Mario: I'm aware of that, but the jig I'm thinking of building requires much 'tighter' understanding of the geometry than your swing-style jig, which is elegantly simple, but I just don't see how I can fit it here. I'll double-check all the measurements, as it's the easiest option, but I'll delve into the scribbling and high-school geometric thinking anyway, as an intellectual exercize at the very least.
OK, I'm fairly certain I'm overthinking this entire thing, but I'll do it anyway. I hope my Geometry's not totally off, but if it is, please correct me!

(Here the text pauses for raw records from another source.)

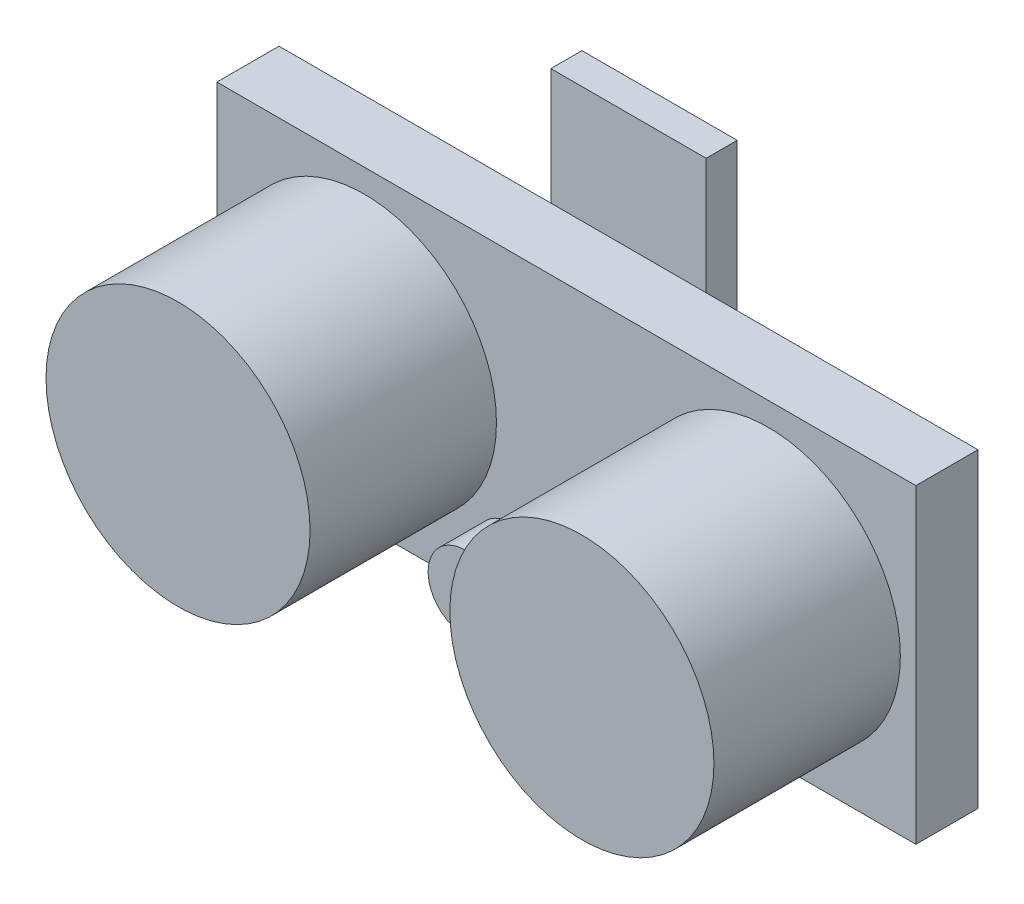
from build123d import *

# Parameters (mm, degrees)
SKETCH1_W           = 45
SKETCH1_H           = 20
BOSS_EXTRUDE1_DEPTH = 4
SKETCH2_W           = 10
SKETCH2_H           = 10
BOSS_EXTRUDE2_DEPTH = 2
SKETCH3_R           = 8.5
BOSS_EXTRUDE3_DEPTH = 12
BOSS_EXTRUDE4_DEPTH = 3


with BuildPart() as part:
    # Sketch1 → Boss-Extrude1 (new body)
    with BuildSketch(Plane.XY):
        Rectangle(SKETCH1_W, SKETCH1_H)
    extrude(amount=BOSS_EXTRUDE1_DEPTH)

    # Sketch2 → Boss-Extrude2 (add)
    with BuildSketch(Plane(origin=(0, 0, 0), x_dir=(-1, 0, 0), z_dir=(0, 0, -1))):
        with Locations((0, 12.5)):
            Rectangle(SKETCH2_W, SKETCH2_H)
    extrude(amount=BOSS_EXTRUDE2_DEPTH)

    # Sketch3 → Boss-Extrude3 (add)
    with BuildSketch(Plane.XY.offset(4)):
        with Locations((-13, 0)):
            Circle(SKETCH3_R)
        with Locations(Location((13, 0, 0), (0, 0, 180))):
            Circle(SKETCH3_R)
    extrude(amount=BOSS_EXTRUDE3_DEPTH)

    # Sketch4 → Boss-Extrude4 (add)
    with BuildSketch(Plane.XY.offset(4)):
        with BuildLine():
            Line((3.5, -9.9), (-3.5, -9.9))
            ThreePointArc((-3.5, -9.9), (-5.9, -7.5), (-3.5, -5.1))
            Line((-3.5, -5.1), (3.5, -5.1))
            ThreePointArc((3.5, -5.1), (5.9, -7.5), (3.5, -9.9))
        make_face()
    extrude(amount=BOSS_EXTRUDE4_DEPTH)


solid = part.part
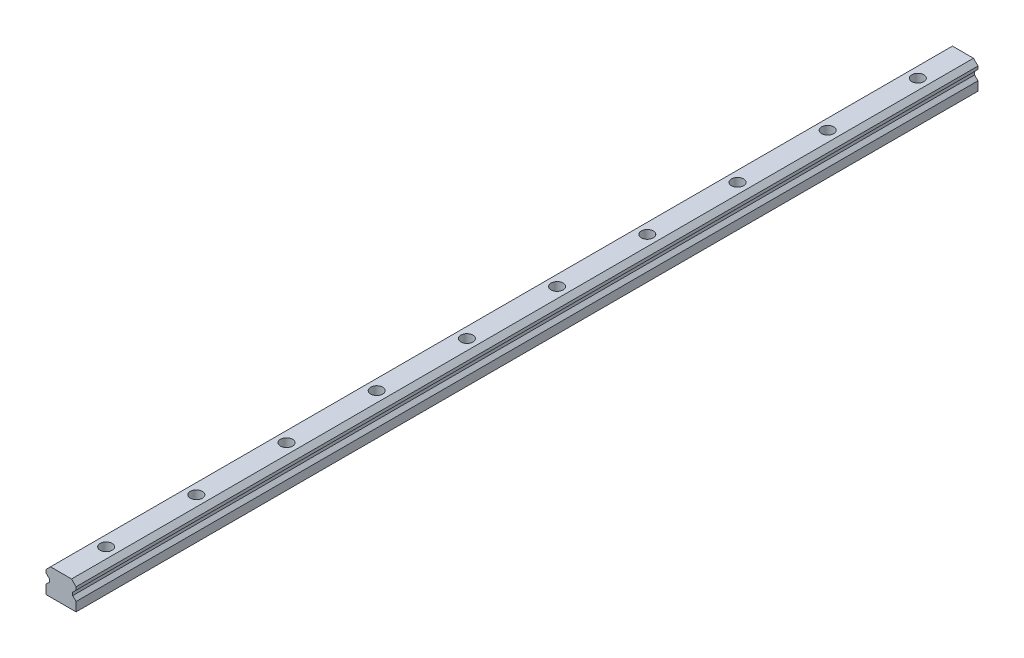
from build123d import *

# Parameters (mm, degrees)
BOSS_EXTRUDE1_DEPTH = 600
SKETCH2_R           = 4
CUT_EXTRUDE1_DEPTH  = 26


with BuildPart() as part:
    # Sketch1 → Boss-Extrude1 (new body)
    with BuildSketch(Plane.XY):
        Polygon((-10, 0), (0, 0), (0, 17.5), (-7, 17.5), (-10, 14.5), (-10, 12.5), (-7.75, 10.25), (-7.75, 8.25), (-10, 6), align=None)
        Polygon((0, 17.5), (0, 0), (10, 0), (10, 6), (7.75, 8.25), (7.75, 10.25), (10, 12.5), (10, 14.5), (7, 17.5), align=None)
    extrude(amount=-BOSS_EXTRUDE1_DEPTH)

    # Sketch2 → Cut-Extrude1 (cut)
    with BuildSketch(Plane(origin=(0, 17.5, 0), x_dir=(1, 0, 0), z_dir=(0, 1, 0))):
        with Locations(Location((0, 30, 0), (0, 0, 270))):
            Circle(SKETCH2_R)
        with Locations(Location((0, 90, 0), (0, 0, 270))):
            Circle(SKETCH2_R)
        with Locations(Location((0, 150, 0), (0, 0, 270))):
            Circle(SKETCH2_R)
        with Locations(Location((0, 210, 0), (0, 0, 270))):
            Circle(SKETCH2_R)
        with Locations(Location((0, 270, 0), (0, 0, 270))):
            Circle(SKETCH2_R)
        with Locations(Location((0, 330, 0), (0, 0, 270))):
            Circle(SKETCH2_R)
        with Locations(Location((0, 390, 0), (0, 0, 270))):
            Circle(SKETCH2_R)
        with Locations(Location((0, 450, 0), (0, 0, 270))):
            Circle(SKETCH2_R)
        with Locations(Location((0, 510, 0), (0, 0, 270))):
            Circle(SKETCH2_R)
        with Locations(Location((0, 570, 0), (0, 0, 270))):
            Circle(SKETCH2_R)
    extrude(amount=-CUT_EXTRUDE1_DEPTH, mode=Mode.SUBTRACT)


solid = part.part

Basically, when you meaure your compound radius fingerboard with a guage set at 90 degrees to the face of the 'board, you're measuring a conic section not perpendicular to the centreline, which my geometry tells me is actually an ellipse, not a circle. Not actually something that has a radius, per se, rather has two axes and two focal pointy things. A very, very round ellipse, but an ellipse still.
That's a view of where the radius (section of circle) 'actually' is, mislabled 'theoretical R' in the top diagram. The bottom picture has, on the left, an exagerrated 'dead on' view of where the circular section in a compound radius board lies, ie demonstrating the end-to-end curvature. The 'straight on' measurements, looking like straight lines, are elliptical sections, not circular.
Take a look at the cone at the top right; that's how your jig (I think) and John Hows is set up; the arms are perpendicular to the surface of the 'board, not to the imaginary 'centreline' of the cone, which is defined by the line drawn between the two pivot points. This means that to get the actual proper 'radius' for that cone, you'd have to use a guage perpendicular to that imaginary 'centreline'. Otherwise you're measuring the elliptic. If the arms were set up as they are on the left hand side (making for a far bulkier, unhandy jig), the length of the swing would actually equate to the 'actual' radius, ie portion of a circular conic section.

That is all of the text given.